_What you will do_
Only the lines from the start of the data to the line containing "doc.units = ezdxf.units.M", both included, should be output, exactly and without pictures.

_Data shown_
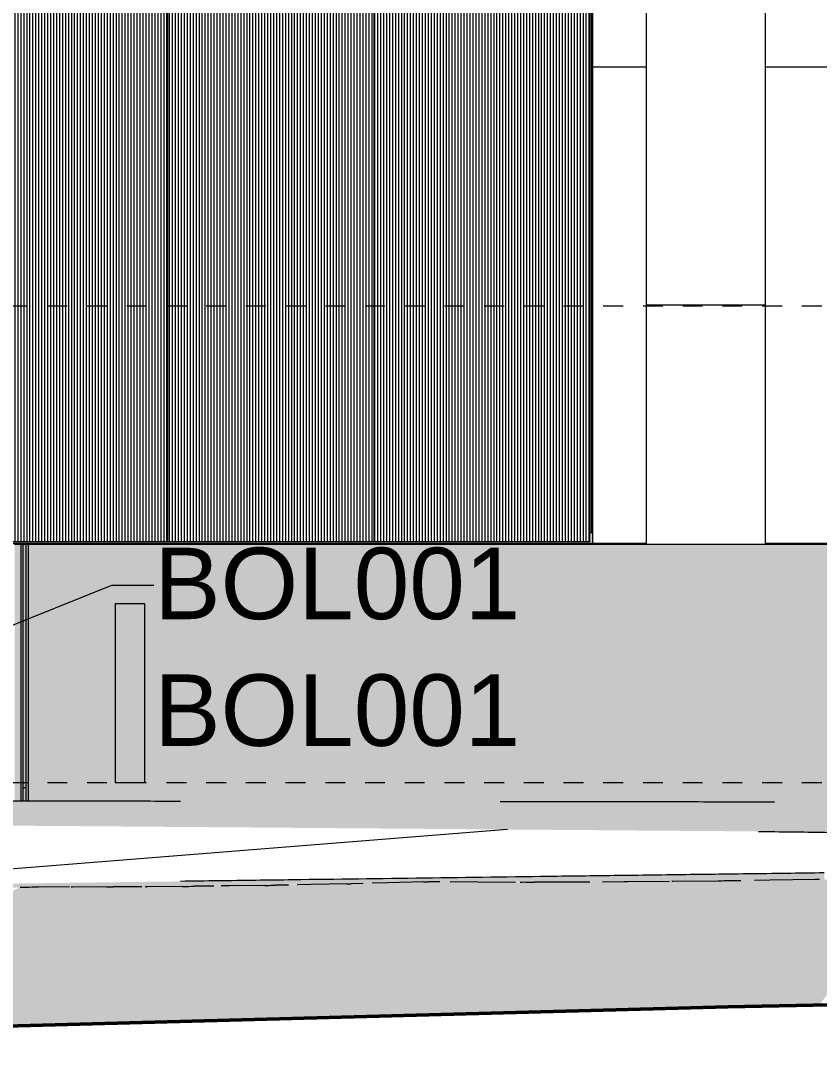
# Model space of a CAD drawing. Header units: metres. Extents: x -4613 to -4328, y -1 to 30.
# Drawn here: x -4578.06 to -4574.04, y 3.88 to 9.08 of the extents above; entities that cross this region are included whole.
import ezdxf

# ---------------------------------------------------------------- set-up
doc = ezdxf.new("R2010")
doc.units = ezdxf.units.M
doc.linetypes.add('AEC_Center', pattern=[0.024, 0.012, -0.004, 0.004, -0.004])
for name, color, linetype, lineweight in [('A-ANNO-IDEN', 131, 'Continuous', 5), ('A-DETL', 90, 'Continuous', 13), ('A-FLOR', 192, 'Continuous', 5), ('A-FLOR-LEVL', 51, 'Continuous', 5), ('A-GLAZ-CURT', 52, 'Continuous', 5), ('A-GLAZ-CWMG', 51, 'Continuous', 5), ('A-WALL', 113, 'Continuous', 5), ('A-WALL-PATT', 111, 'Continuous', 5), ('C-PRKG', 70, 'Continuous', 5), ('C-TOPO', 7, 'Continuous', 5)]:
    doc.layers.add(name, color=color, linetype=linetype, lineweight=lineweight)
doc.styles.add('Arial_2', font='arial.ttf', dxfattribs={"height": 0.36})

# ---------------------------------------------------------------- blocks, each defined once
blk = doc.blocks.new('Bollard_Typical - 150mm Diameter - BOL001 _fixed_-V44-SOUTH WEST')
at = {"layer": 'C-PRKG'}
for points in [[(-4577.5204, 5.24), (-4577.5204, 6.14), (-4577.5893, 6.14), (-4577.5875, 5.24), (-4577.5345, 5.24)], [(-4577.5204, 5.24), (-4577.4397, 5.24), (-4577.4397, 6.14), (-4577.5204, 6.14), (-4577.5204, 5.4273)]]:
    blk.add_hatch(color=256, dxfattribs=at).paths.add_polyline_path(points)
for p, q in [((-4577.5895, 6.14), (-4577.5895, 5.24)), ((-4577.5204, 6.14), (-4577.5895, 6.14)), ((-4577.4395, 6.14), (-4577.5204, 6.14)), ((-4577.4395, 5.24), (-4577.4395, 6.14)), ((-4577.5895, 5.24), (-4577.5204, 5.24)), ((-4577.5204, 5.24), (-4577.4395, 5.24))]:
    blk.add_line(p, q, dxfattribs=at)
blk = doc.blocks.new('System Panel - Danpalon - Multicell - 16mm thk - Light grey-3033195-SOUTH WEST')
at = {"layer": 'A-GLAZ-CURT'}
h = blk.add_hatch(dxfattribs=at)
h.set_pattern_fill('FP_16', color=256, style=0, pattern_type=2)
h.set_pattern_definition([(90, (-4575.741, 11.09), (-0.015, 9e-19), [])])
h.paths.add_polyline_path([(-4576.109, 6.4533), (-4575.1979, 6.4533), (-4575.1979, 15.6811), (-4576.2846, 15.6811), (-4576.2846, 6.4533)])
for p, q in [((-4576.2846, 15.6811), (-4576.2846, 6.4533)), ((-4575.1979, 6.4533), (-4575.1979, 15.6811)), ((-4576.2846, 6.4533), (-4575.1979, 6.4533))]:
    blk.add_line(p, q, dxfattribs=at)
blk = doc.blocks.new('Rectangular Mullion - Frame_Framed Facade_Danpal_DPANMF BT1-V46-SOUTH WEST')
at = {"layer": 'A-GLAZ-CWMG'}
for points in [[(-4575.1884, 6.4455), (-4575.1846, 6.4455), (-4575.1846, 6.4989), (-4575.1979, 6.4989), (-4575.1979, 6.4533), (-4576.2846, 6.4533), (-4576.2846, 6.4455), (-4575.1979, 6.4455)], [(-4575.1884, 6.44), (-4575.1846, 6.44), (-4575.1846, 6.4455), (-4576.2846, 6.4455), (-4576.2846, 6.44), (-4575.4185, 6.44)]]:
    blk.add_hatch(color=256, dxfattribs=at).paths.add_polyline_path(points)
for p, q in [((-4575.1979, 6.4989), (-4575.1846, 6.4989)), ((-4576.2846, 6.4455), (-4575.1846, 6.4455)), ((-4576.2846, 6.44), (-4575.1846, 6.44))]:
    blk.add_line(p, q, dxfattribs=at)
blk = doc.blocks.new('Rectangular Mullion - Frame_Framed Facade_Danpal_DPANMF BT1-3033197-SOUTH WEST')
at = {"layer": 'A-GLAZ-CWMG'}
for points in [[(-4575.1979, 6.5), (-4575.1901, 6.5), (-4575.1901, 15.68), (-4575.1979, 15.68), (-4575.1979, 6.5667)], [(-4575.1884, 6.5), (-4575.1846, 6.5), (-4575.1846, 15.68), (-4575.1901, 15.68), (-4575.1901, 6.5)]]:
    blk.add_hatch(color=256, dxfattribs=at).paths.add_polyline_path(points)
for p, q in [((-4575.1901, 6.5), (-4575.1901, 15.68)), ((-4575.1901, 6.5), (-4575.1979, 6.5)), ((-4575.1846, 6.5), (-4575.1901, 6.5))]:
    blk.add_line(p, q, dxfattribs=at)
blk = doc.blocks.new('System Panel - Danpalon - Multicell - 16mm thk - Light grey-3033198-SOUTH WEST')
at = {"layer": 'A-GLAZ-CURT'}
h = blk.add_hatch(dxfattribs=at)
h.set_pattern_fill('FP_17', color=256, style=0, pattern_type=2)
h.set_pattern_definition([(90, (-4576.805, 11.09), (-0.015, 9e-19), [])])
h.paths.add_polyline_path([(-4577.3246, 6.4533), (-4576.2846, 6.4533), (-4576.2846, 15.6811), (-4576.6843, 15.6804), (-4577.3246, 15.6244), (-4577.3246, 6.5667)])
for p, q in [((-4576.2846, 6.4533), (-4576.2846, 15.6811)), ((-4577.3246, 15.6244), (-4577.3246, 6.4533)), ((-4577.3246, 6.4533), (-4576.2846, 6.4533))]:
    blk.add_line(p, q, dxfattribs=at)
blk = doc.blocks.new('System Panel - Danpalon - Multicell - 16mm thk - Light grey-3245640-SOUTH WEST')
at = {"layer": 'A-GLAZ-CURT'}
h = blk.add_hatch(dxfattribs=at)
h.set_pattern_fill('FP_18', color=256, style=0, pattern_type=2)
h.set_pattern_definition([(90, (-4577.808, 11.09), (-0.015, 9e-19), [])])
h.paths.add_polyline_path([(-4577.4898, 6.4533), (-4577.3246, 6.4533), (-4577.3246, 15.6244), (-4578.0562, 15.5611), (-4578.0599, 15.6027), (-4578.0936, 15.5996), (-4578.0956, 12.5751), (-4578.2457, 12.5751), (-4578.2457, 6.5), (-4578.2913, 6.5), (-4578.2913, 6.4533), (-4577.72, 6.4533)])
for p, q in [((-4577.3246, 6.4533), (-4577.3246, 15.6244)), ((-4578.2913, 6.4533), (-4577.3246, 6.4533))]:
    blk.add_line(p, q, dxfattribs=at)
blk = doc.blocks.new('Rectangular Mullion - Frame_Framed Facade_Danpal_DPANMF BT1-1113569-SOUTH WEST')
at = {"layer": 'A-GLAZ-CWMG'}
for points in [[(-4576.7994, 6.4455), (-4576.2846, 6.4455), (-4576.2846, 6.4533), (-4577.3246, 6.4533), (-4577.3246, 6.4455), (-4577.2597, 6.4455)], [(-4576.2846, 6.44), (-4576.2846, 6.4455), (-4577.3246, 6.4455), (-4577.3246, 6.44), (-4576.3391, 6.44)]]:
    blk.add_hatch(color=256, dxfattribs=at).paths.add_polyline_path(points)
for p, q in [((-4577.3246, 6.4455), (-4576.2846, 6.4455)), ((-4577.3246, 6.44), (-4576.2846, 6.44))]:
    blk.add_line(p, q, dxfattribs=at)
blk = doc.blocks.new('Rectangular Mullion - Frame_Framed Facade_Danpal_DPANMF BT1-3245639-SOUTH WEST')
at = {"layer": 'A-GLAZ-CWMG'}
for points in [[(-4578.3046, 6.4989), (-4578.3041, 6.4989), (-4578.3041, 6.5), (-4578.3046, 6.5)], [(-4577.4898, 6.4455), (-4577.3246, 6.4455), (-4577.3246, 6.4533), (-4578.2913, 6.4533), (-4578.2913, 6.4989), (-4578.3046, 6.4989), (-4578.3046, 6.4455), (-4577.72, 6.4455)], [(-4577.4898, 6.44), (-4577.3246, 6.44), (-4577.3246, 6.4455), (-4578.3046, 6.4455), (-4578.3046, 6.44), (-4577.72, 6.44)]]:
    blk.add_hatch(color=256, dxfattribs=at).paths.add_polyline_path(points)
for p, q in [((-4578.3046, 6.4455), (-4578.3046, 6.4989)), ((-4578.3046, 6.4989), (-4578.2913, 6.4989)), ((-4578.3046, 6.44), (-4578.3046, 6.4455)), ((-4578.3046, 6.4455), (-4577.3246, 6.4455)), ((-4578.0956, 6.44), (-4577.3246, 6.44))]:
    blk.add_line(p, q, dxfattribs=at)

msp = doc.modelspace()

# ---------------------------------------------------------------- hatches: boundary and pattern name
at = {"layer": 'A-FLOR'}
h = msp.add_hatch(color=256, dxfattribs=at)
h.paths.add_polyline_path([(-4558.2969, 5.0999), (-4558.2969, 5.24), (-4558.3119, 5.24), (-4558.3119, 5.1)])
h.paths.add_polyline_path([(-4568.2969, 5.1344), (-4568.2969, 5.24), (-4568.3119, 5.24), (-4568.3119, 5.1345)])
h.paths.add_polyline_path([(-4578.0369, 5.1463), (-4578.0369, 5.24), (-4578.0519, 5.24), (-4578.0519, 5.1463)])
h = msp.add_hatch(color=256, dxfattribs=at)
h.paths.add_polyline_path([(-4558.2969, 5.0999), (-4558.2969, 5.215), (-4558.3119, 5.215), (-4558.3119, 5.1)])
h.paths.add_polyline_path([(-4568.2969, 5.1344), (-4568.2969, 5.215), (-4568.3119, 5.215), (-4568.3119, 5.1345)])
h.paths.add_polyline_path([(-4578.0369, 5.1463), (-4578.0369, 5.215), (-4578.0519, 5.215), (-4578.0519, 5.1463)])
msp.add_hatch(color=256, dxfattribs=at).paths.add_polyline_path([(-4584.766, 4.6466), (-4584.3813, 4.6506), (-4583.9236, 4.6621), (-4583.5597, 4.6568), (-4583.2434, 4.6564), (-4582.8388, 4.6601), (-4582.1754, 4.6714), (-4581.8626, 4.6709), (-4581.4023, 4.6749), (-4580.942, 4.6828), (-4580.6051, 4.6921), (-4580.3183, 4.7002), (-4580.2516, 4.7002), (-4579.7338, 4.6951), (-4579.331, 4.6948), (-4578.9389, 4.698), (-4578.8707, 4.6991), (-4578.2072, 4.7097), (-4577.9123, 4.7144), (-4577.4251, 4.7153), (-4577.0135, 4.7198), (-4576.4003, 4.7302), (-4575.9326, 4.74), (-4575.4185, 4.7388), (-4574.9582, 4.7402), (-4574.3961, 4.7463), (-4574.0173, 4.7532), (-4574.0173, 4.785), (-4579.331, 4.7152), (-4584.2028, 4.731), (-4586.1149, 4.741), (-4586.5668, 4.745), (-4586.5668, 4.7021), (-4586.4627, 4.6927), (-4586.3552, 4.6866), (-4586.1994, 4.6824), (-4585.9665, 4.6829), (-4585.8467, 4.684), (-4585.6487, 4.669), (-4585.4636, 4.6586), (-4585.2416, 4.6524), (-4584.9675, 4.6474), (-4584.7761, 4.6468)])
at = {"layer": 'A-WALL'}
h = msp.add_hatch(color=256, dxfattribs=at)
h.paths.add_polyline_path([(-4551.8046, 5.0775), (-4551.8046, 5.14), (-4551.3094, 5.14), (-4551.3077, 6.04), (-4551.1599, 6.04), (-4551.1599, 5.14), (-4550.9848, 5.14), (-4550.9848, 5.1679), (-4551.0463, 5.17), (-4550.9887, 5.2266), (-4551.0442, 5.2279), (-4551.0463, 5.23), (-4551.0363, 5.24), (-4551.0745, 5.24), (-4551.0745, 7.64), (-4553.0561, 7.64), (-4558.3044, 6.4632), (-4558.2869, 6.4632), (-4558.2869, 5.0999), (-4552.4041, 5.0796)])
h.paths.add_polyline_path([(-4558.3219, 5.1), (-4558.3219, 6.4593), (-4558.408, 6.44), (-4568.2869, 6.44), (-4568.2869, 5.1344), (-4558.331, 5.1)])
h.paths.add_polyline_path([(-4568.3219, 5.1345), (-4568.3219, 6.44), (-4578.0269, 6.44), (-4578.0269, 5.1463), (-4568.5142, 5.1352)])
h.paths.add_polyline_path([(-4550.8244, 5.14), (-4550.8147, 5.14), (-4550.8147, 5.1679), (-4550.8832, 5.1679), (-4550.8832, 5.14), (-4550.8247, 5.14)])
h.paths.add_polyline_path([(-4578.0619, 5.1463), (-4578.0619, 6.44), (-4578.0956, 6.44), (-4578.0956, 5.1464), (-4578.0652, 5.1463)])
h.paths.add_polyline_path([(-4550.8147, 5.2266), (-4550.8147, 5.2279), (-4550.8832, 5.2266)])
h.paths.add_polyline_path([(-4577.5373, 5.24), (-4577.5893, 5.24), (-4577.5875, 6.14), (-4577.4397, 6.14), (-4577.4397, 5.24), (-4577.5345, 5.24)])
h.paths.add_polyline_path([(-4550.8147, 5.2866), (-4550.8147, 5.2879), (-4550.8832, 5.2866)])
h.paths.add_polyline_path([(-4550.8147, 5.3466), (-4550.8147, 5.3479), (-4550.8832, 5.3466)])
h.paths.add_polyline_path([(-4550.8147, 5.4066), (-4550.8147, 5.4079), (-4550.8832, 5.4066)])
h.paths.add_polyline_path([(-4550.8147, 5.5266), (-4550.8147, 5.5279), (-4550.8832, 5.5266)])
h.paths.add_polyline_path([(-4550.8147, 5.7066), (-4550.8147, 5.7079), (-4550.8832, 5.7066)])
h.paths.add_polyline_path([(-4550.8147, 5.8266), (-4550.8147, 5.8279), (-4550.8832, 5.8266)])
h.paths.add_polyline_path([(-4550.8147, 5.8866), (-4550.8147, 5.8879), (-4550.8832, 5.8866)])
h.paths.add_polyline_path([(-4550.8147, 5.9466), (-4550.8147, 5.9479), (-4550.8832, 5.9466)])
h.paths.add_polyline_path([(-4550.8147, 6.0666), (-4550.8147, 6.0679), (-4550.8832, 6.0666)])
h.paths.add_polyline_path([(-4550.8147, 6.1266), (-4550.8147, 6.1279), (-4550.8832, 6.1266)])
h.paths.add_polyline_path([(-4550.8147, 6.1866), (-4550.8147, 6.1879), (-4550.8832, 6.1866)])
h.paths.add_polyline_path([(-4550.8147, 6.3066), (-4550.8147, 6.3079), (-4550.8832, 6.3066)])
h.paths.add_polyline_path([(-4550.8147, 6.3666), (-4550.8147, 6.3679), (-4550.8832, 6.3666)])
h.paths.add_polyline_path([(-4550.8147, 6.5466), (-4550.8147, 6.5479), (-4550.8832, 6.5466)])
h.paths.add_polyline_path([(-4550.8147, 6.6066), (-4550.8147, 6.6079), (-4550.8832, 6.6066)])
h.paths.add_polyline_path([(-4550.8147, 6.6666), (-4550.8147, 6.6679), (-4550.8832, 6.6666)])
h.paths.add_polyline_path([(-4550.8147, 6.7866), (-4550.8147, 6.7879), (-4550.8832, 6.7866)])
h.paths.add_polyline_path([(-4550.8147, 6.8466), (-4550.8147, 6.8479), (-4550.8832, 6.8466)])
h.paths.add_polyline_path([(-4550.8147, 6.9666), (-4550.8147, 6.9679), (-4550.8832, 6.9666)])
h.paths.add_polyline_path([(-4550.8147, 7.0266), (-4550.8147, 7.0279), (-4550.8832, 7.0266)])
h.paths.add_polyline_path([(-4550.8147, 7.0866), (-4550.8147, 7.0879), (-4550.8832, 7.0866)])
h.paths.add_polyline_path([(-4550.8147, 7.1466), (-4550.8147, 7.1479), (-4550.8832, 7.1466)])
h.paths.add_polyline_path([(-4550.8147, 7.2066), (-4550.8147, 7.2079), (-4550.8832, 7.2066)])
at = {"layer": 'A-WALL-PATT'}
h = msp.add_hatch(dxfattribs=at)
h.set_pattern_fill('FP_2', color=256, style=0, pattern_type=2)
h.set_pattern_definition([(90, (-4536.517, 7.64), (-6, 4e-16), [1.2, -1.2]), (90, (-4535.317, 7.64), (-6, 4e-16), [1.2, -1.2]), (90, (-4534.117, 7.64), (-6, 4e-16), [1.2, -1.2]), (90, (-4535.317, 8.84), (-6, 4e-16), [1.2, -1.2]), (90, (-4534.117, 8.84), (-6, 4e-16), [1.2, -1.2]), (180, (-4535.317, 8.84), (-3e-16, -2.4), [1.2, -4.8]), (180, (-4534.117, 10.04), (-3e-16, -2.4), [1.2, -4.8]), (90, (-4534.117, 7.64), (-6, 4e-16), [1.2, -1.2]), (90, (-4532.917, 7.64), (-6, 4e-16), [1.2, -1.2]), (90, (-4532.317, 7.64), (-6, 4e-16), [1.2, -1.2]), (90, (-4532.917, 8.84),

_Solution below_
# Model space of a CAD drawing. Header units: metres. Extents: x -4613 to -4328, y -1 to 30.
# Drawn here: x -4578.06 to -4574.04, y 3.88 to 9.08 of the extents above; entities that cross this region are included whole.
import ezdxf

# ---------------------------------------------------------------- set-up
doc = ezdxf.new("R2010")
doc.units = ezdxf.units.M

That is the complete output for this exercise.